Cerca de 50 docentes da região Norte protestaram esta quarta-feira, no Porto, contra a “dualidade de critérios” na contabilização de tempo de serviço prestado em Atividades de Enriquecimento Curricular (AEC) para integração nos concursos, exigindo o cumprimento da lei.

“O Ministério da Educação está a cometer uma ilegalidade”, afirmou Liliana Pereira, professora de Música em Braga, há 12 anos, que considerou uma “injustiça” a “dualidade de critérios” que se está a verificar.
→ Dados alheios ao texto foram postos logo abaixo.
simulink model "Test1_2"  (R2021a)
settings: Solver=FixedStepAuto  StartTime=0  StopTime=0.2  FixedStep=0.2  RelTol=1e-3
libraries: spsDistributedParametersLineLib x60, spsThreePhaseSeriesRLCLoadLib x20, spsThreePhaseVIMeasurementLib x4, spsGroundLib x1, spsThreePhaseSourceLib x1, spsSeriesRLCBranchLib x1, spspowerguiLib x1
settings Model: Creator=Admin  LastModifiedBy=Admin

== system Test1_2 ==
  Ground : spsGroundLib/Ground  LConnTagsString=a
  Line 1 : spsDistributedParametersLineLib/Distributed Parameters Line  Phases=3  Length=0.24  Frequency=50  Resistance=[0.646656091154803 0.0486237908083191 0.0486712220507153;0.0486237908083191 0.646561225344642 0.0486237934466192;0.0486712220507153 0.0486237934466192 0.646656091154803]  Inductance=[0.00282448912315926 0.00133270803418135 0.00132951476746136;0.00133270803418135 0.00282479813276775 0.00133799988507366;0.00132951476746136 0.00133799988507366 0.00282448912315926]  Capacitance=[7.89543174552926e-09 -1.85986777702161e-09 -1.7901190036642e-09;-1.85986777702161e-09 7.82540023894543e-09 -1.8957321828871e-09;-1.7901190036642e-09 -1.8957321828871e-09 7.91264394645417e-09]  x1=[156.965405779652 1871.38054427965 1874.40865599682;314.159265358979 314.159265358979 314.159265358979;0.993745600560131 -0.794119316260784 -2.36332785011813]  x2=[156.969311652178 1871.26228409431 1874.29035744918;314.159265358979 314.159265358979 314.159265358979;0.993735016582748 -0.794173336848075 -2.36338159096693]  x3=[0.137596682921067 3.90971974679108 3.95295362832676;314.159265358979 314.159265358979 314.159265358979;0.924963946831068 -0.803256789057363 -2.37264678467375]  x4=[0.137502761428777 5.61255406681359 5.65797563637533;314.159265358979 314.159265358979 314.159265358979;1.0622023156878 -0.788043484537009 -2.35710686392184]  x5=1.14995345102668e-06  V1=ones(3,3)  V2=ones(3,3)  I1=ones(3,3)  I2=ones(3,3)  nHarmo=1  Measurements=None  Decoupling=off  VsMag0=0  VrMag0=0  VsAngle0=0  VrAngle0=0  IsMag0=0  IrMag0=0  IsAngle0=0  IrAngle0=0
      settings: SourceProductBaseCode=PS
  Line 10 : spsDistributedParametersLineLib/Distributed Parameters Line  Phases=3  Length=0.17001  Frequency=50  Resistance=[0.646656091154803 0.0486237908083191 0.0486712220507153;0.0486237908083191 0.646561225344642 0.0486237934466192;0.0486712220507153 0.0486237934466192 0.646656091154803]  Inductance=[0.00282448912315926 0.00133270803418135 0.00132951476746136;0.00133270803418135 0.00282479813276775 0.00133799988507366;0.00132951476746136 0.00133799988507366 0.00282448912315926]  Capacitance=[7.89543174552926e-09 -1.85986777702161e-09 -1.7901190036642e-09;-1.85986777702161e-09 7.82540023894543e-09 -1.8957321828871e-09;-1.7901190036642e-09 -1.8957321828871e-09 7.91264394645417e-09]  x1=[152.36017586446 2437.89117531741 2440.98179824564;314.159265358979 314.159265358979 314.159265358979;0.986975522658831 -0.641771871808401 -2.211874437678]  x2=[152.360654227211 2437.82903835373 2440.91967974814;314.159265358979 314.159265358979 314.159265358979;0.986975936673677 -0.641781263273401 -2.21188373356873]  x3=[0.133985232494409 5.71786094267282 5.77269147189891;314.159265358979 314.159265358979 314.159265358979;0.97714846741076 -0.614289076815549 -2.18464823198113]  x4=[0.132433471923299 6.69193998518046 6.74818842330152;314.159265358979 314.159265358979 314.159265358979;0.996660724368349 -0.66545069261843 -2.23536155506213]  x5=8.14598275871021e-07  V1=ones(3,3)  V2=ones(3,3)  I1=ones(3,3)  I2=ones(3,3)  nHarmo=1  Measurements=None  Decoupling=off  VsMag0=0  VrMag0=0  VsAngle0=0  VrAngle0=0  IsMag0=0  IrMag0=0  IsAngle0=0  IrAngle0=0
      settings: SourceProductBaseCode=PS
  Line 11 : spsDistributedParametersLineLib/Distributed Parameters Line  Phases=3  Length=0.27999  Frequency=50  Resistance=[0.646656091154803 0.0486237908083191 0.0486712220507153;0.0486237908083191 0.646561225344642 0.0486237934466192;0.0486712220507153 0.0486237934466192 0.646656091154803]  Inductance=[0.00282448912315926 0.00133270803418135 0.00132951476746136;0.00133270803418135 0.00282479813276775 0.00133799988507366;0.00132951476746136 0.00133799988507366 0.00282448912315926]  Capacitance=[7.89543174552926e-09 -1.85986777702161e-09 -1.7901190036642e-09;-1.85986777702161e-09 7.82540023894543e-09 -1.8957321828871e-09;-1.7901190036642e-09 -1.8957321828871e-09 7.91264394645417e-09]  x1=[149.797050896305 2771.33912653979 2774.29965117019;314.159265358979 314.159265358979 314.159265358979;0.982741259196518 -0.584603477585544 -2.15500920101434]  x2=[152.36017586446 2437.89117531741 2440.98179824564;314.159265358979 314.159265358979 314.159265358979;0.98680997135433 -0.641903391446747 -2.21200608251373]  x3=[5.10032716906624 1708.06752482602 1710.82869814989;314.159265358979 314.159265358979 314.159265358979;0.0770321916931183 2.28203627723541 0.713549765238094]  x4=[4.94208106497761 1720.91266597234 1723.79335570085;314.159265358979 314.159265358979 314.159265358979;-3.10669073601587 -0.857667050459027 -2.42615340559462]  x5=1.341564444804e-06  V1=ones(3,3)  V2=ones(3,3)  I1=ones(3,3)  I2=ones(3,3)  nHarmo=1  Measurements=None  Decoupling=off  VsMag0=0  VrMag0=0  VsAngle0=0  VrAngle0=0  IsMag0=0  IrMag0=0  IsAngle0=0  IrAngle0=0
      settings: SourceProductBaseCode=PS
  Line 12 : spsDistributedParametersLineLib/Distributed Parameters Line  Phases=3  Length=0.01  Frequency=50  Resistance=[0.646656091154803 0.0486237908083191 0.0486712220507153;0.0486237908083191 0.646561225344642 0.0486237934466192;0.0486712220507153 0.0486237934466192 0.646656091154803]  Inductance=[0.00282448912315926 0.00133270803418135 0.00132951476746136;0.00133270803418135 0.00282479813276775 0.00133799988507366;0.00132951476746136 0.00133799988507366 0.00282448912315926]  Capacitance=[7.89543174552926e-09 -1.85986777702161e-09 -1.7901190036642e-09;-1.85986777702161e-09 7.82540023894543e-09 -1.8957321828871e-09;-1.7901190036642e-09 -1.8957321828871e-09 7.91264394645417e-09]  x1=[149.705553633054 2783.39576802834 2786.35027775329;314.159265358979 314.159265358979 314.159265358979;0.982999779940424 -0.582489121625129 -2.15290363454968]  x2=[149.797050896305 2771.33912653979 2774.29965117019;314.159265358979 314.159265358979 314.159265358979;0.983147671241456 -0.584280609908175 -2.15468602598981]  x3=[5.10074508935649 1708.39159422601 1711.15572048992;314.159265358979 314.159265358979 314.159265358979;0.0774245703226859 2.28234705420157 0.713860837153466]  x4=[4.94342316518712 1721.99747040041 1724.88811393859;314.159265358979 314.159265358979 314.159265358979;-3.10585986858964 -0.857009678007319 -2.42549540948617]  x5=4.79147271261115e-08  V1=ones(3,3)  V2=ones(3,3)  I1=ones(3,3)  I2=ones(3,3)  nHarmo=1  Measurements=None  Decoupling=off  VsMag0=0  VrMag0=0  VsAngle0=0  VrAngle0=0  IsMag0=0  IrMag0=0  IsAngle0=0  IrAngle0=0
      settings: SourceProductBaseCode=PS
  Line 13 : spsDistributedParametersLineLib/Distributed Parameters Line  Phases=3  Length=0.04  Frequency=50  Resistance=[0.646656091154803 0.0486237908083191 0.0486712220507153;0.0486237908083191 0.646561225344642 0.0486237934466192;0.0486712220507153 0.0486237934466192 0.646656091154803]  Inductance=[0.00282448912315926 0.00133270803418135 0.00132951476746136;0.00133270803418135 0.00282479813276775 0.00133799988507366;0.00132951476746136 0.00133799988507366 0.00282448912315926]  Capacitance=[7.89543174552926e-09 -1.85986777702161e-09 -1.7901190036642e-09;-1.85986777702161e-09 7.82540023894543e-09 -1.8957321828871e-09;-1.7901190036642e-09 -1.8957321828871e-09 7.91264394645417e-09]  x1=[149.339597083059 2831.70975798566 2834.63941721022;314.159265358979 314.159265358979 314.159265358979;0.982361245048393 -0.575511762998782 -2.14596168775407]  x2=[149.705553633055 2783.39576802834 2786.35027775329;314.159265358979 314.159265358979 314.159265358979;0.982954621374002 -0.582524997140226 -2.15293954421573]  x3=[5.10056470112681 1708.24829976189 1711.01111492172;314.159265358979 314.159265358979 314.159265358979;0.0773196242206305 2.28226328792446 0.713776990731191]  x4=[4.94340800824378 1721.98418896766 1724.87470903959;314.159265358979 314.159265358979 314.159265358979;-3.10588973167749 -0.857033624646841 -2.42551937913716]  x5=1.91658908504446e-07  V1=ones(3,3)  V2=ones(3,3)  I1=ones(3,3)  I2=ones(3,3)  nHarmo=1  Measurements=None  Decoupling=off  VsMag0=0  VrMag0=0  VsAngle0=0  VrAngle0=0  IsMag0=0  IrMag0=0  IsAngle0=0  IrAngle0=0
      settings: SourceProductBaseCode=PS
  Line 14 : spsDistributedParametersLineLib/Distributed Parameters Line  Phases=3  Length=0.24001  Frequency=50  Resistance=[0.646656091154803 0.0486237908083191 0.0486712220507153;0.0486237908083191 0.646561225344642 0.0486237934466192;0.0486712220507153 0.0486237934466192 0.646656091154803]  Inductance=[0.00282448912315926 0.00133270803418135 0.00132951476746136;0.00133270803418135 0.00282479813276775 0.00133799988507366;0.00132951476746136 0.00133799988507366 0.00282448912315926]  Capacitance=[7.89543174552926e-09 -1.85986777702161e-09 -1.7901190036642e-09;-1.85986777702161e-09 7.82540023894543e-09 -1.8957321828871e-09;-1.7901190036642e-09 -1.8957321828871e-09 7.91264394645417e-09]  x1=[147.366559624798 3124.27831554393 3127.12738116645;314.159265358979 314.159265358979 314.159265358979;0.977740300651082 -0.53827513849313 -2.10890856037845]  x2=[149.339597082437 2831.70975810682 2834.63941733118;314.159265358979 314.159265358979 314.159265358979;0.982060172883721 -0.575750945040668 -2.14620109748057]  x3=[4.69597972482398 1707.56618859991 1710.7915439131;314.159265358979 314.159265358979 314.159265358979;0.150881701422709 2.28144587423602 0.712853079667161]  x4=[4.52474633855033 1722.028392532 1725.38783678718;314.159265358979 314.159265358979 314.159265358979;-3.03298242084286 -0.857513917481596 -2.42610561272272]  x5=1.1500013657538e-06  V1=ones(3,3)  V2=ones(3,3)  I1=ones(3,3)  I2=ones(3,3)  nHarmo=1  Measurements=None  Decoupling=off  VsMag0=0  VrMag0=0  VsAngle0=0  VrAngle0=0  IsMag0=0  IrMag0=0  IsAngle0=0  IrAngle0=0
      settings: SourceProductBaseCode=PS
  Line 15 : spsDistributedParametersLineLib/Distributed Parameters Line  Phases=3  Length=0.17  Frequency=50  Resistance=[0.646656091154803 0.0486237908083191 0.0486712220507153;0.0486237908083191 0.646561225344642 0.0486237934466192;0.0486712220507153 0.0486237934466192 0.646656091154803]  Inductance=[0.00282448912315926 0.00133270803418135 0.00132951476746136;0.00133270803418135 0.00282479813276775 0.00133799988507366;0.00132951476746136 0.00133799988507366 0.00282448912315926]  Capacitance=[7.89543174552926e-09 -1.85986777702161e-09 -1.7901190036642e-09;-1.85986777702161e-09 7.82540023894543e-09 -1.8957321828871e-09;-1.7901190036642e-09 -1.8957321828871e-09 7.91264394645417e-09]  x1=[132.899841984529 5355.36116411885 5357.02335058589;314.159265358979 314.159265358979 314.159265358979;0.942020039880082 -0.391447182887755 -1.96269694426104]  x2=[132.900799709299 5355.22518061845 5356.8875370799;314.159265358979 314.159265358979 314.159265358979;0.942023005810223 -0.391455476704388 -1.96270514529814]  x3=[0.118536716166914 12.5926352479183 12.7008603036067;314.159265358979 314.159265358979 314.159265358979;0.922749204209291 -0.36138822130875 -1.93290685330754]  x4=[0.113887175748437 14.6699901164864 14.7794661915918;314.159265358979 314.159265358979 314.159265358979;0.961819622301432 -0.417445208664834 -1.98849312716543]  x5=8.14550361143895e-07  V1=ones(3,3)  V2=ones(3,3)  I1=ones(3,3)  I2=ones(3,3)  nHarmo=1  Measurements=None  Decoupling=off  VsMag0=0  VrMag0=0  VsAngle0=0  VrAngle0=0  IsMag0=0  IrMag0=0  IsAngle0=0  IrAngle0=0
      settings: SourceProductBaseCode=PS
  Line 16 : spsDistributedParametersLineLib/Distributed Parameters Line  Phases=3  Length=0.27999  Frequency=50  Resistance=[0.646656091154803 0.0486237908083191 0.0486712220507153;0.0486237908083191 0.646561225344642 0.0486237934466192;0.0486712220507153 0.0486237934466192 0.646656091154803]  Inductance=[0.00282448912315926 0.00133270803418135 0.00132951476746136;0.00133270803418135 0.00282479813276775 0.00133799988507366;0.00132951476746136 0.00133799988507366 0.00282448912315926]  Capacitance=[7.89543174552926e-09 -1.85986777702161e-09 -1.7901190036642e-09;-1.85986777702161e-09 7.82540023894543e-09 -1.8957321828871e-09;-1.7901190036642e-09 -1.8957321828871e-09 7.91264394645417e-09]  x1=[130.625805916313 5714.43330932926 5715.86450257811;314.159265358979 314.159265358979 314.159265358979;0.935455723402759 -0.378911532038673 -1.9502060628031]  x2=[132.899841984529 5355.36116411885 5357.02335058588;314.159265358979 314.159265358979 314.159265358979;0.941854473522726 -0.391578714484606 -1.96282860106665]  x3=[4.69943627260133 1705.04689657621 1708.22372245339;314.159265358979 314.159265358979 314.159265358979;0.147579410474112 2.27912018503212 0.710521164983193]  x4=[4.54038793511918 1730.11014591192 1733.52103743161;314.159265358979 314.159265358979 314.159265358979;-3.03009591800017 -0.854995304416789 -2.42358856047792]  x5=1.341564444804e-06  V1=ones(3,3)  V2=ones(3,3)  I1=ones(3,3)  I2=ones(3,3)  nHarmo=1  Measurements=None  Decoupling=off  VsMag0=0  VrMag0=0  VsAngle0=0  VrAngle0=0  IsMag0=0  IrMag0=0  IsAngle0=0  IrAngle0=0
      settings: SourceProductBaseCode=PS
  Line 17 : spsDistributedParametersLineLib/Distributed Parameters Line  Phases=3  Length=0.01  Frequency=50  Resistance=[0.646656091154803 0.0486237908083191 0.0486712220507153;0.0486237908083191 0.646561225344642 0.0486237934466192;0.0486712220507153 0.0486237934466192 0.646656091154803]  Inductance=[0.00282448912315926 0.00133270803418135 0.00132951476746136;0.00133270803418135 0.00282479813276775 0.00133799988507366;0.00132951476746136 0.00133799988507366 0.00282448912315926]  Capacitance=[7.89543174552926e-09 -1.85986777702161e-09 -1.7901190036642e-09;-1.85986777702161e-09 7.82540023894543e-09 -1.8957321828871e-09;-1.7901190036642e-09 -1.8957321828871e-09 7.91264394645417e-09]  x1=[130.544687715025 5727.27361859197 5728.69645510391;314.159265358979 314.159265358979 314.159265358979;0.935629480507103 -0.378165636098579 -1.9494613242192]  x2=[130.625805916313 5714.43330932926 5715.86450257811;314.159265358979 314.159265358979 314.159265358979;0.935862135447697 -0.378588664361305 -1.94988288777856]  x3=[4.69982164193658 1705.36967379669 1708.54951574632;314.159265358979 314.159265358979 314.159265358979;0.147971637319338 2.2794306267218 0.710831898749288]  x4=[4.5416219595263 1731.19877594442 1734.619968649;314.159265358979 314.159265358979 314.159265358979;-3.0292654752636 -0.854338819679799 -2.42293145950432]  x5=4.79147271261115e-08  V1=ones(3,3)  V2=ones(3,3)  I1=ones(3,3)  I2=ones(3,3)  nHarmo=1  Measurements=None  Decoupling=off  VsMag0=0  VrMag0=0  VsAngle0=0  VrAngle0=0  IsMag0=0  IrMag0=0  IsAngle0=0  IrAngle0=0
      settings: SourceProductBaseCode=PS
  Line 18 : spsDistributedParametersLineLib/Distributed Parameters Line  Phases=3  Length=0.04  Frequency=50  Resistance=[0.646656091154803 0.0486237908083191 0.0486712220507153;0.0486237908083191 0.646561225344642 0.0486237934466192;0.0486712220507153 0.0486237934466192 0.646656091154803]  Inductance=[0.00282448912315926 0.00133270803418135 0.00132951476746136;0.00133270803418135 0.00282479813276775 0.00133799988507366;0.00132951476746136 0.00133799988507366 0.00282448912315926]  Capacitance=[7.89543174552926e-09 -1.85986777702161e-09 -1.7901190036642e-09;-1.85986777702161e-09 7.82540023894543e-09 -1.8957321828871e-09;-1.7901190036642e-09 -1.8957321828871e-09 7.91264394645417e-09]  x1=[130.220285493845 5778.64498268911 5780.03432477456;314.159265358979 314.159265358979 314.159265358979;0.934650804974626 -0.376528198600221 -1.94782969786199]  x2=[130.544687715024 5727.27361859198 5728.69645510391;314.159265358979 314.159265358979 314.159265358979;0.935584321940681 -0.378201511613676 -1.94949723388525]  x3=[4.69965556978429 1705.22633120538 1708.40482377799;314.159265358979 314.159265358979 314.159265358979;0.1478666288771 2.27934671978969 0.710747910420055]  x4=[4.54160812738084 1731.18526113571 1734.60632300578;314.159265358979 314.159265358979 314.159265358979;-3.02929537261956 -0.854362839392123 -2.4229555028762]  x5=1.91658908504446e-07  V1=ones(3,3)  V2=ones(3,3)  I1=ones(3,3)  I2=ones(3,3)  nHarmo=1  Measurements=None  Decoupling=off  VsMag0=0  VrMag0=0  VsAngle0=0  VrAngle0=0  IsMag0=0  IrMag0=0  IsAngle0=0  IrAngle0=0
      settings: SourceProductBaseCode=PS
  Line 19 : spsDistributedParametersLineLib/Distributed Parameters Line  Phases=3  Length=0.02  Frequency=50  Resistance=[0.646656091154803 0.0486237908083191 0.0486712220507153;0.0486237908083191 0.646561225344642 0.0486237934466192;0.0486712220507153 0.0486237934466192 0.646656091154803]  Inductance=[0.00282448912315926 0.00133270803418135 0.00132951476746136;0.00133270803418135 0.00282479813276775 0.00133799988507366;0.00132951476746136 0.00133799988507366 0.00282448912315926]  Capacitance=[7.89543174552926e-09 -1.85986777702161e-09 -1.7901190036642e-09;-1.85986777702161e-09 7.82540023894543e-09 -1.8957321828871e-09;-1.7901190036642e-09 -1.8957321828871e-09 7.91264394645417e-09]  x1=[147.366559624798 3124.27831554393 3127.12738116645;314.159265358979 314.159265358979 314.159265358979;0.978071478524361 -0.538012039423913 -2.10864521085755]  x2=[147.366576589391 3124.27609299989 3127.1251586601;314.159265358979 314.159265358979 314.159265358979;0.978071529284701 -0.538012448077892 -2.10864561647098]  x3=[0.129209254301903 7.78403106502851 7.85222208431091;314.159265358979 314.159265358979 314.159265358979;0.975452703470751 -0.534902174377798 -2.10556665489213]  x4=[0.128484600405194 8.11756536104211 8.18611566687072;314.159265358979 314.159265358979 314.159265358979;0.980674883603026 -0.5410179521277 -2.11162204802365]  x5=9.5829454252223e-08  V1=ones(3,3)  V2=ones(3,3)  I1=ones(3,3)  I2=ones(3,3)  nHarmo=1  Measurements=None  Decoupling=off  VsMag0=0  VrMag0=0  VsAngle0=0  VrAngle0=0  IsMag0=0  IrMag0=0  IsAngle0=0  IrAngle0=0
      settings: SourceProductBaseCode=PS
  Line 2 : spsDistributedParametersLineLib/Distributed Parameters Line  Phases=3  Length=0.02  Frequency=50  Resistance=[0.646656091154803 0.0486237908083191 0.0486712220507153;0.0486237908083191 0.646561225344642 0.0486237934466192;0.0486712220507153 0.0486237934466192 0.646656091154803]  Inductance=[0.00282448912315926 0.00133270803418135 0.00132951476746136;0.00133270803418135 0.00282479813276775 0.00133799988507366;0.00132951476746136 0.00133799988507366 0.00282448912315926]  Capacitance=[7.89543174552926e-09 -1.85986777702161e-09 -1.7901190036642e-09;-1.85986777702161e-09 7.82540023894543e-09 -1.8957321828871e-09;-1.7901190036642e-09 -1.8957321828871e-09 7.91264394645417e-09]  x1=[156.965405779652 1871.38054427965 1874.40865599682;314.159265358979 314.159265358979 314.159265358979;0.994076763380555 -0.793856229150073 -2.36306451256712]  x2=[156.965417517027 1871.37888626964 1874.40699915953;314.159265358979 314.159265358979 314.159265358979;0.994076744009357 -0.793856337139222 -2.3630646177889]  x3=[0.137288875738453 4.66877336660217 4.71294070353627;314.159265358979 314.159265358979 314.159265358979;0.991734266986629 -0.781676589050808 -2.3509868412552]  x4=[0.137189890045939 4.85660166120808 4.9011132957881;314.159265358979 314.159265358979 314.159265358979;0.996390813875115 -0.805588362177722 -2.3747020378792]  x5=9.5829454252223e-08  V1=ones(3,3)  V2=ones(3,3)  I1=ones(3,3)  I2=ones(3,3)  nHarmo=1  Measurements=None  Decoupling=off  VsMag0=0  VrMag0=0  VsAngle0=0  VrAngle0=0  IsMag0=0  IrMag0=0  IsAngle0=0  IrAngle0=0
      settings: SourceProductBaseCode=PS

Em causa está, explicou, o aviso de abertura dos concursos [externo e extraordinário para vinculação de professores] publicado em Diário da República, a 20 de abril, que refere que o tempo de serviço em AEC é contabilizado para integração na 2.ª prioridade do concurso, e o Manual de Validação das candidaturas, enviado às escolas em 4 de maio, que “diz o aposto”, integrando o tempo de serviço destes docentes “na 3.ª prioridade”.

Segundo a docente de Braga, não haverá hipóteses de colocação se os professores nas AEC passarem para a 3.ª prioridade.

Esta situação, disse, “afeta mais de 20 mil professores em todo o país”.

Sílvia Freitas, docente há 16 anos, frisou que “não há professores de 2.ª e de 3.ª, há professores”, exigindo que o Ministério da Educação “não se pode sobrepor à lei, fazendo depois chegar às escolas o contrário”.

Segundo Sílvia, “a confusão” está instalada, havendo escolas que estão a cumprir a lei, outras a seguir o Manual de Validação, colocando os professores na 3.ª prioridade, e ainda outras que estão a aplicar os dois critérios.

Sentimo-nos injustiçados. O facto de se contrariar a lei acaba por acarretar complicações”, sublinhou.

A concentração, que teve lugar esta manhã, em frente ao edifício da Direção Regional de Educação do Norte (DREN), foi organizada pelos próprios docentes, contando com profissionais dos distritos do Porto, de Braga e de Aveiro.

“AEC profissionalizado em 2.ª prioridade já” e “AEC 3.ª Prioridade = ilegalidade” eram frases inscritas em cartazes de professores.

 

Pofessores que cumpram requisitos serão posicionados em 2.ª prioridade

Entretanto o Ministério da Educação já esclareceu que os docentes com qualificação profissional que cumprirem 365 dias de serviço nos últimos seis anos em escolas da rede pública serão “posicionados na 2.ª prioridade” nos concursos.

Em resposta à agência Lusa, o Ministério refere que deverá seguir ainda hoje para as escolas “um esclarecimento da situação e uniformização de solução aplicável a todos os candidatos”.

Seguirá um esclarecimento para as escolas que determina que os candidatos que reúnam os requisitos previstos no artigo 10.º, número 3, alínea b) do Decreto-lei 132/2012 - e que apresentem declaração comprovativa de que prestaram serviço nas AEC em Agrupamentos de Escolas/Escolas Não Agrupadas do Ministério da Educação, em conformidade com o disposto no artigo 26.º da Portaria 644-A/2015 - podem ser posicionados na 2ª prioridade em sede de reclamação”, afirmou o Ministério.